Je trouve légitime qu'il y ait un débat sur les meilleurs moyens de combattre le terrorisme. On est encore en démocratie que je sache. Après l'assassinat du père Hamel à Saint-Etienne du Rouvray, j'ai exprimé l'impatience qui est celle de nombreux Français de voir l’État s'engager plus puissamment dans le suivi et la neutralisation des terroristes potentiels (dans une publication Facebook, le maire de Charleville exprimait sa lassitude des jours de deuil et des minutes de silences post attentats et appelait à une action ferme du gouvernement, NDLR). Il ne s'agit pas de choisir entre la sécurité et l'état de droit, comme certains le prétendent, mais de donner aux forces de l'ordre les moyens et la capacité d'être plus efficaces encore dans la lutte contre la radicalisation.

Quelles solutions prônez-vous pour lutter contre la menace terroriste?
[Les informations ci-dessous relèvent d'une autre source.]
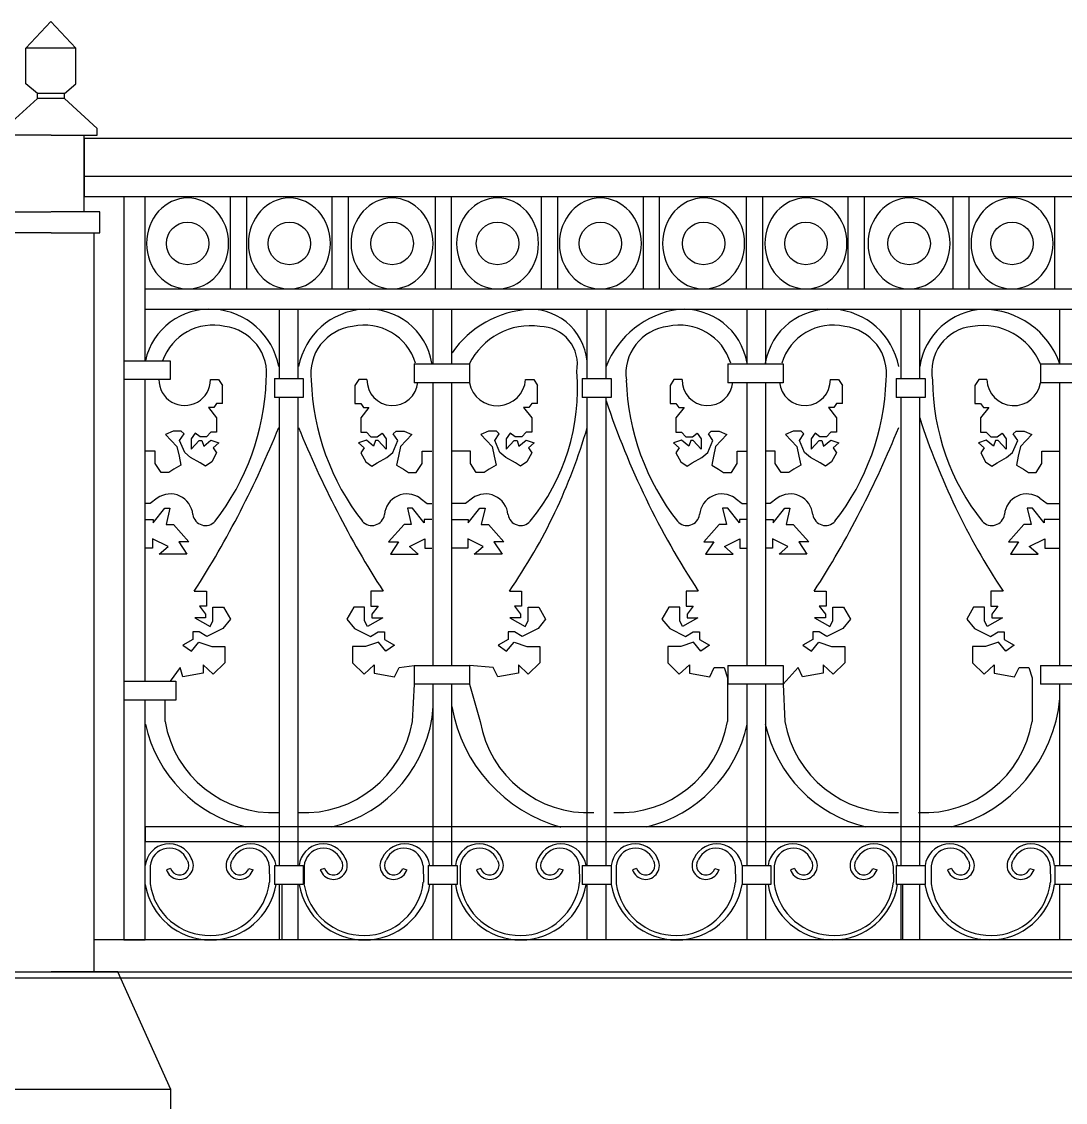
# Model space of a CAD drawing. Header units: millimetres. Extents: x 1931 to 30327, y -2374 to 17555.
# Drawn here: x 16827 to 18005, y 13143 to 14362 of the extents above; entities that cross this region are included whole.
import ezdxf

# ---------------------------------------------------------------- set-up
doc = ezdxf.new("R2010")
doc.units = ezdxf.units.MM

msp = doc.modelspace()

# ---------------------------------------------------------------- linework, layer by layer
at = {"color": 4, "linetype": 'ByBlock', "lineweight": -2}
for p, q in [((16831.9, 14332.3), (16860, 14362.3)), ((16888.1, 14332.3), (16860, 14362.3)), ((16831.9, 14292.3), (16831.9, 14332.3)), ((16888.1, 14332.3), (16831.9, 14332.3)), ((16888.1, 14292.3), (16888.1, 14332.3)), ((16844.7, 14281.3), (16831.9, 14292.3)), ((16875.4, 14281.3), (16888.1, 14292.3)), ((16807.6, 14241.7), (16844.7, 14275.4)), ((16844.7, 14275.4), (16844.7, 14281.3)), ((16875.4, 14281.3), (16844.7, 14281.3)), ((16875.4, 14275.4), (16844.7, 14275.4)), ((16875.4, 14275.4), (16875.4, 14281.3)), ((16912.4, 14241.7), (16875.4, 14275.4)), ((16860.2, 14234.3), (16807.6, 14234.3)), ((16860.2, 14234.3), (16912.4, 14234.3)), ((16897.5, 14147.6), (16897.5, 14234.3)), ((16912.4, 14234.3), (16912.4, 14241.7)), ((18759.5, 14230.4), (16897.5, 14230.4)), ((16897.5, 14230.4), (16897.5, 14165.1)), ((18759.5, 14187.5), (16897.5, 14187.5)), ((16897.5, 14165.1), (18759.5, 14165.1)), ((16942.2, 14165.1), (16942.2, 13326.3)), ((16966.5, 13979.7), (16966.5, 14165.1)), ((17062.8, 14060.8), (17062.8, 14165.1)), ((17081.1, 14060.8), (17081.1, 14165.1)), ((17177.5, 14060.8), (17177.5, 14165.1)), ((17195.8, 14060.8), (17195.8, 14165.1)), ((17294, 14060.8), (17294, 14165.1)), ((17312.3, 14060.8), (17312.3, 14165.1)), ((17413.9, 14060.8), (17413.9, 14165.1)), ((17432.2, 14060.8), (17432.2, 14165.1)), ((17528.7, 14060.8), (17528.7, 14165.1)), ((17547, 14060.8), (17547, 14165.1)), ((17645.1, 14060.8), (17645.1, 14165.1)), ((17663.4, 14060.8), (17663.4, 14165.1)), ((17759.9, 14060.8), (17759.9, 14165.1)), ((17778.2, 14060.8), (17778.2, 14165.1)), ((17878.2, 14060.8), (17878.2, 14165.1)), ((17896.5, 14060.8), (17896.5, 14165.1)), ((17993, 14060.8), (17993, 14165.1)), ((16804.9, 14147.6), (16859.8, 14147.6)), ((16915.1, 14147.6), (16860.2, 14147.6)), ((16915.1, 14123.8), (16915.1, 14147.6)), ((16860.2, 14123.8), (16804.9, 14123.8)), ((16860.2, 14123.8), (16915.1, 14123.8)), ((16908.8, 13290), (16908.8, 14123.8)), ((16966.5, 14060.8), (18687.9, 14060.8)), ((18687.9, 14037.6), (16966.5, 14037.6)), ((17117.9, 13959.5), (17117.9, 14037.6)), ((17139, 13959.5), (17139, 14037.6)), ((17291.6, 13976), (17291.6, 14037.6)), ((17312.7, 13976), (17312.7, 14037.6)), ((17465.4, 13959.5), (17465.4, 14037.6)), ((17486.6, 13959.5), (17486.6, 14037.6)), ((17645.7, 13976), (17645.7, 14037.6)), ((17666.8, 13976), (17666.8, 14037.6)), ((17819.5, 13959.5), (17819.5, 14037.6)), ((17840.7, 13959.5), (17840.7, 14037.6)), ((17998.8, 13976), (17998.8, 14037.6)), ((16942.2, 13979.7), (16994.5, 13979.7)), ((16994.5, 13979.7), (16994.5, 13958.4)), ((17269.9, 13976), (17332.3, 13976)), ((17269.9, 13976), (17269.9, 13954.7)), ((17332.3, 13976), (17332.3, 13954.7)), ((17624, 13976), (17686.4, 13976)), ((17624, 13976), (17624, 13954.7)), ((17686.4, 13976), (17686.4, 13954.7)), ((17977.1, 13976), (18039.5, 13976)), ((17977.1, 13976), (17977.1, 13954.7)), ((16994.5, 13958.4), (16942.2, 13958.4)), ((16966.5, 13618), (16966.5, 13958.4)), ((17040, 13958.3), (17049.3, 13958.3)), ((17049.3, 13958.3), (17053.7, 13951.8)), ((17112.3, 13959.5), (17144.9, 13959.5)), ((17112.3, 13959.5), (17112.3, 13938.2)), ((17144.9, 13959.5), (17144.9, 13938.2)), ((17207.5, 13958.3), (17203.1, 13951.8)), ((17216.7, 13958.3), (17207.5, 13958.3)), ((17332.3, 13954.7), (17269.9, 13954.7)), ((17291.6, 13635.9), (17291.6, 13954.7)), ((17312.7, 13635.9), (17312.7, 13954.7)), ((17395.7, 13958.3), (17405, 13958.3)), ((17405, 13958.3), (17409.4, 13951.8)), ((17459.8, 13959.5), (17492.5, 13959.5)), ((17459.8, 13959.5), (17459.8, 13938.2)), ((17492.5, 13959.5), (17492.5, 13938.2)), ((17563.2, 13958.3), (17558.8, 13951.8)), ((17572.4, 13958.3), (17563.2, 13958.3)), ((17686.4, 13954.7), (17624, 13954.7)), ((17645.7, 13635.9), (17645.7, 13954.7)), ((17666.8, 13635.9), (17666.8, 13954.7)), ((17739.7, 13958.3), (17748.9, 13958.3)), ((17748.9, 13958.3), (17753.4, 13951.8)), ((17813.9, 13959.5), (17846.6, 13959.5)), ((17813.9, 13959.5), (17813.9, 13938.2)), ((17846.6, 13959.5), (17846.6, 13938.2)), ((17907.2, 13958.3), (17902.8, 13951.8)), ((17916.4, 13958.3), (17907.2, 13958.3)), ((18039.5, 13954.7), (17977.1, 13954.7)), ((17998.8, 13635.9), (17998.8, 13954.7)), ((17053.7, 13931.5), (17053.7, 13951.8)), ((17203.1, 13951.8), (17203.1, 13931.5)), ((17409.4, 13931.5), (17409.4, 13951.8)), ((17558.8, 13951.8), (17558.8, 13931.5)), ((17753.4, 13931.5), (17753.4, 13951.8)), ((17902.8, 13951.8), (17902.8, 13931.5)), ((17047.1, 13931.5), (17043.9, 13926.8)), ((17053.7, 13931.5), (17047.1, 13931.5)), ((17144.9, 13938.2), (17112.3, 13938.2)), ((17117.9, 13410), (17117.9, 13938.2)), ((17139, 13410), (17139, 13938.2)), ((17203.1, 13931.5), (17209.7, 13931.5)), ((17209.7, 13931.5), (17212.9, 13926.8)), ((17402.7, 13931.5), (17399.6, 13926.8)), ((17409.4, 13931.5), (17402.7, 13931.5)), ((17492.5, 13938.2), (17459.8, 13938.2)), ((17465.4, 13410), (17465.4, 13938.2)), ((17486.6, 13410), (17486.6, 13938.2)), ((17558.8, 13931.5), (17565.4, 13931.5)), ((17565.4, 13931.5), (17568.6, 13926.8)), ((17746.7, 13931.5), (17743.6, 13926.8)), ((17753.4, 13931.5), (17746.7, 13931.5)), ((17846.6, 13938.2), (17813.9, 13938.2)), ((17819.5, 13410), (17819.5, 13938.2)), ((17840.7, 13410), (17840.7, 13938.2)), ((17902.8, 13931.5), (17909.4, 13931.5)), ((17909.4, 13931.5), (17912.6, 13926.8)), ((17043.9, 13926.8), (17037.9, 13926.8)), ((17037.9, 13926.8), (17047.1, 13915.3)), ((17218.9, 13926.8), (17209.7, 13915.3)), ((17212.9, 13926.8), (17218.9, 13926.8)), ((17399.6, 13926.8), (17393.5, 13926.8)), ((17393.5, 13926.8), (17402.7, 13915.3)), ((17574.6, 13926.8), (17565.4, 13915.3)), ((17568.6, 13926.8), (17574.6, 13926.8)), ((17743.6, 13926.8), (17737.5, 13926.8)), ((17737.5, 13926.8), (17746.7, 13915.3)), ((17918.6, 13926.8), (17909.4, 13915.3)), ((17912.6, 13926.8), (17918.6, 13926.8)), ((17047.1, 13915.3), (17047.1, 13908.7)), ((17047.1, 13908.7), (17047.1, 13899.2)), ((17209.7, 13915.3), (17209.7, 13908.7)), ((17209.7, 13908.7), (17209.7, 13899.2)), ((17402.7, 13915.3), (17402.7, 13908.7)), ((17402.7, 13908.7), (17402.7, 13899.2)), ((17565.4, 13915.3), (17565.4, 13908.7)), ((17565.4, 13908.7), (17565.4, 13899.2)), ((17746.7, 13915.3), (17746.7, 13908.7)), ((17746.7, 13908.7), (17746.7, 13899.2)), ((17909.4, 13915.3), (17909.4, 13908.7)), ((17909.4, 13908.7), (17909.4, 13899.2)), ((16998.1, 13900.1), (16989.5, 13896.5)), ((16989.5, 13896.5), (17002.2, 13882.8)), ((17007.1, 13900.1), (16998.1, 13900.1)), ((17005.3, 13889.5), (17010.4, 13897.1)), ((17010.4, 13897.1), (17007.1, 13900.1)), ((17022.8, 13897.9), (17018.3, 13891.4)), ((17028.4, 13893.6), (17022.8, 13897.9)), ((17035.7, 13893.6), (17028.4, 13893.6)), ((17040.7, 13899.2), (17035.7, 13893.6)), ((17047.1, 13899.2), (17040.7, 13899.2)), ((17209.7, 13899.2), (17216.1, 13899.2)), ((17216.1, 13899.2), (17221.1, 13893.6)), ((17221.1, 13893.6), (17228.4, 13893.6)), ((17228.4, 13893.6), (17234, 13897.9)), ((17234, 13897.9), (17238.5, 13891.4)), ((17246.4, 13897.1), (17249.7, 13900.1)), ((17251.5, 13889.5), (17246.4, 13897.1)), ((17249.7, 13900.1), (17258.7, 13900.1)), ((17267.3, 13896.5), (17254.6, 13882.8)), ((17258.7, 13900.1), (17267.3, 13896.5)), ((17353.8, 13900.1), (17345.2, 13896.5)), ((17345.2, 13896.5), (17357.9, 13882.8)), ((17362.8, 13900.1), (17353.8, 13900.1)), ((17360.9, 13889.5), (17366.1, 13897.1)), ((17366.1, 13897.1), (17362.8, 13900.1)), ((17378.5, 13897.9), (17374, 13891.4)), ((17384.1, 13893.6), (17378.5, 13897.9)), ((17391.4, 13893.6), (17384.1, 13893.6)), ((17396.4, 13899.2), (17391.4, 13893.6)), ((17402.7, 13899.2), (17396.4, 13899.2)), ((17565.4, 13899.2), (17571.8, 13899.2)), ((17571.8, 13899.2), (17576.8, 13893.6)), ((17576.8, 13893.6), (17584.1, 13893.6)), ((17584.1, 13893.6), (17589.6, 13897.9)), ((17589.6, 13897.9), (17594.1, 13891.4)), ((17602.1, 13897.1), (17605.4, 13900.1)), ((17607.2, 13889.5), (17602.1, 13897.1)), ((17605.4, 13900.1), (17614.4, 13900.1)), ((17623, 13896.5), (17610.3, 13882.8)), ((17614.4, 13900.1), (17623, 13896.5)), ((17697.8, 13900.1), (17689.2, 13896.5)), ((17689.2, 13896.5), (17701.9, 13882.8)), ((17706.8, 13900.1), (17697.8, 13900.1)), ((17704.9, 13889.5), (17710, 13897.1)), ((17710, 13897.1), (17706.8, 13900.1)), ((17722.5, 13897.9), (17718, 13891.4)), ((17728, 13893.6), (17722.5, 13897.9)), ((17735.4, 13893.6), (17728, 13893.6)), ((17740.4, 13899.2), (17735.4, 13893.6)), ((17746.7, 13899.2), (17740.4, 13899.2)), ((17909.4, 13899.2), (17915.8, 13899.2)), ((17915.8, 13899.2), (17920.7, 13893.6)), ((17920.7, 13893.6), (17928.1, 13893.6)), ((17928.1, 13893.6), (17933.6, 13897.9)), ((17933.6, 13897.9), (17938.1, 13891.4)), ((17946.1, 13897.1), (17949.4, 13900.1)), ((17951.2, 13889.5), (17946.1, 13897.1)), ((17949.4, 13900.1), (17958.4, 13900.1)), ((17967, 13896.5), (17954.3, 13882.8)), ((17958.4, 13900.1), (17967, 13896.5)), ((17002.2, 13882.8), (17004.6, 13871.9)), ((17011, 13876), (17005.3, 13889.5)), ((17018.3, 13891.4), (17018.3, 13879.9)), ((17018.3, 13879.9), (17027.3, 13889.5)), ((17027.3, 13889.5), (17030.4, 13889.5)), ((17030.4, 13889.5), (17032.5, 13883.4)), ((17032.5, 13883.4), (17040.6, 13889.9)), ((17040.6, 13889.9), (17049.6, 13887.1)), ((17049.6, 13887.1), (17043.3, 13881.3)), ((17043.3, 13881.3), (17047, 13875.6)), ((17216.2, 13889.9), (17207.2, 13887.1)), ((17207.2, 13887.1), (17213.5, 13881.3)), ((17213.5, 13881.3), (17209.8, 13875.6)), ((17224.3, 13883.4), (17216.2, 13889.9)), ((17226.4, 13889.5), (17224.3, 13883.4)), ((17229.4, 13889.5), (17226.4, 13889.5)), ((17238.5, 13879.9), (17229.4, 13889.5)), ((17238.5, 13891.4), (17238.5, 13879.9)), ((17245.8, 13876), (17251.5, 13889.5)), ((17254.6, 13882.8), (17252.2, 13871.9)), ((17357.9, 13882.8), (17360.3, 13871.9)), ((17366.7, 13876), (17360.9, 13889.5)), ((17374, 13891.4), (17374, 13879.9)), ((17374, 13879.9), (17383, 13889.5)), ((17383, 13889.5), (17386.1, 13889.5)), ((17386.1, 13889.5), (17388.1, 13883.4)), ((17388.1, 13883.4), (17396.3, 13889.9)), ((17396.3, 13889.9), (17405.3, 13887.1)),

Nous pouvons installer des barrières devant quantité d'établissements ou de lieux recevant du public. Nous le faisons. Mais face à des terroristes kamikazes, ce sont objectivement des protections tout à fait relatives. Nous le savons, la clé du combat qui nous oppose aux djihadistes, c'est d'identifier les terroristes potentiels, au moyen d'un important travail de renseignement impliquant notamment des écoutes et une forte surveillance sur Internet. Nous avons commencé à le faire. Amplifions ce travail! Et donnons-nous vraiment les moyens de contrôler effectivement tous ceux qui font par exemple l'objet d'une fiche S ou qui mériteraient d'en avoir une. Il ne s'agit tout au plus que de quelques milliers d'individus. Et je crois indispensable, si les risques le justifient, de pouvoir assigner à résidence ou placer en rétention ceux qui présentent les plus forts signes de radicalisation. La 5ème République a su dans le passé surmonter d'autres moments difficiles (guerre d'Algérie, OAS...) sans jamais renier ses principes. Nous pouvons le faire aussi, mais nous n'avons pas le droit de refuser ce combat. Nous ne l'éviterons pas de toute façon.